The NEORL2 repository is an extension of the offline reinforcement learning benchmark NeoRL. The NEORL2 repository contains datasets for training and corresponding environments for testing the trained policies. The current datasets are collected from seven open-source environments: Pipeline, Simglucose, RocketRecovery, RandomFrictionHopper, DMSD, Fusion and SafetyHalfCheetah tasks. We perform online training using reinforcement learning algorithms or PID policies on these tasks and then select suboptimal policies with returns ranging from 50% to 80% of the expert's return to generate offline datasets for each task. These suboptimal policy-sampled datasets better align with real-world task scenarios compared to random or expert policy datasets.
NeoRL2 interface can be installed as follows:
git clone https://agit.ai/Polixir/neorl2.git
cd neorl
pip install -e .
After installation, Pipeline、Simglucose、RocketRecover、DMSD and Fusion environments will be available. However, the "RandomFrictionHopper" and "SafetyHalfCheetah" tasks rely on MuJoCo. If you need to use these two environments, it is necessary to obtain a license and follow the setup instructions, and then run:
pip install -e .[mujoco]
NeoRL2 uses the OpenAI Gym API. Tasks can be created as follows:
import neorl2
import gymnasium as gym
# Create an environment
env = gym.make("Pipeline")
env.reset()
env.step(env.action_space.sample())
After creating the environment, you can use the get_dataset()

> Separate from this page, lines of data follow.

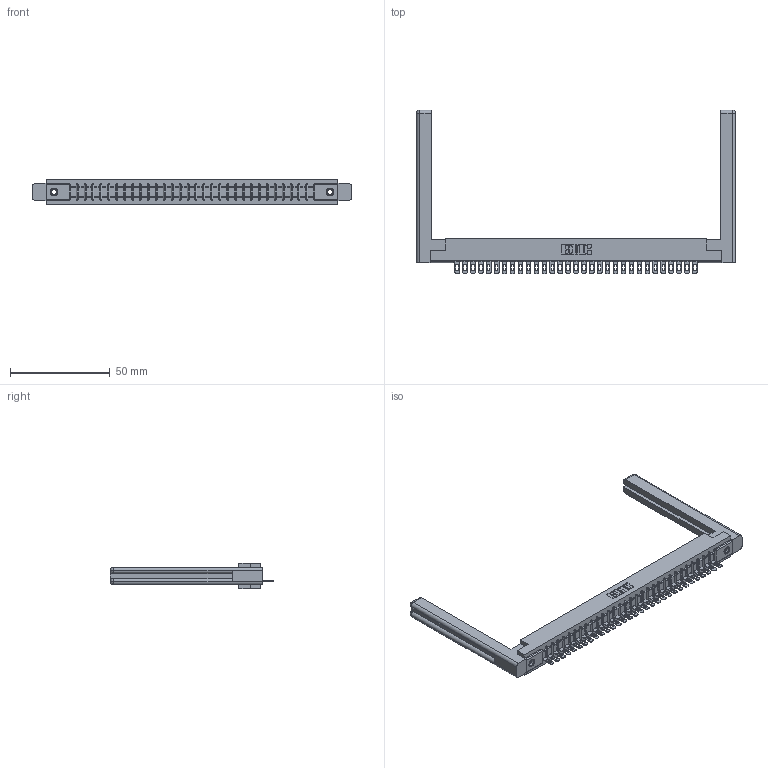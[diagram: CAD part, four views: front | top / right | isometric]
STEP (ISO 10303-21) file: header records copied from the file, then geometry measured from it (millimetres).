
FILE_DESCRIPTION (( 'STEP AP203' ), '1' );
FILE_NAME ('307-031-401-158.STEP', '2020-09-28T13:55:35', ( '' ), ( '' ), 'SwSTEP 2.0', 'SolidWorks 2020', '' );
FILE_SCHEMA (( 'CONFIG_CONTROL_DESIGN' ));
Length unit declared in the file: inch
Products named in the file (5): 307 Part_.156 Dia Mounting Holes; 307-290-002_501; 307-220-058; 345-250-001_345-250-001-102; 307-031-401-158
Assembly tree (36 placements, depth 2):
  307-031-401-158
    307 Part_.156 Dia Mounting Holes
    307-290-002_501  x31
    307-220-058  x2
    345-250-001_345-250-001-102  x2
Bounding box: 159.46 x 81.74 x 12.7 mm (x, y, z)
Volume: 24129.6 mm3; surface area: 26187.2 mm2
Topology: 36 solids, 36 shells, 2648 faces, 8055 edges, 5270 vertices
Faces by surface type: plane 1518, cylinder 1042, sphere 64, torus 12, cone 12
Entity records: 31359 total; most frequent: CARTESIAN_POINT 5295, ORIENTED_EDGE 5224, DIRECTION 5114, EDGE_CURVE 2612, VECTOR 1988, LINE 1988, VERTEX_POINT 1690, AXIS2_PLACEMENT_3D 1563

function to obtain training data and validation data:
train_data, val_data = env.get_dataset()
Each environment supports setting and getting the reward function and done function of the environment, which is very useful for adjusting the environment settings when needed.
# Set reward function
env.set_reward_func(reward_func)
# Get reward function
env.get_reward_func(reward_func)
# Set done function
env.get_done_func(done_func)
# Get done function
env.set_done_func(done_func)
You can use the following environments now:
Env Name | observation shape | action shape | have done | max timesteps |
---|---|---|---|---|
Pipeline | 52 | 1 | False | 1000 |
Simglucose | 31 | 1 | True | 480 |
RocketRecovery | 7 | 2 | True | 500 |
RandomFrictionHopper | 13 | 3 | True | 1000 |
DMSD | 6 | 2 | False | 100 |
Fusion | 15 | 6 | False | 100 |
SafetyHalfCheetah | 18 | 6 | False | 1000 |
In NeoRL2, training data and validation data returned by get_dataset()
function are dict
with the same format:
-
obs
: An N by observation dimensional array of current step's observation. -
next_obs
: An N by observation dimensional array of next step's observation. -
action
: An N by action dimensional array of actions. -
reward
: An N dimensional array of rewards. -
done
: An N dimensional array of episode termination flags. -
index
: An trajectory number-dimensional array. The numbers in index indicate the beginning of trajectories.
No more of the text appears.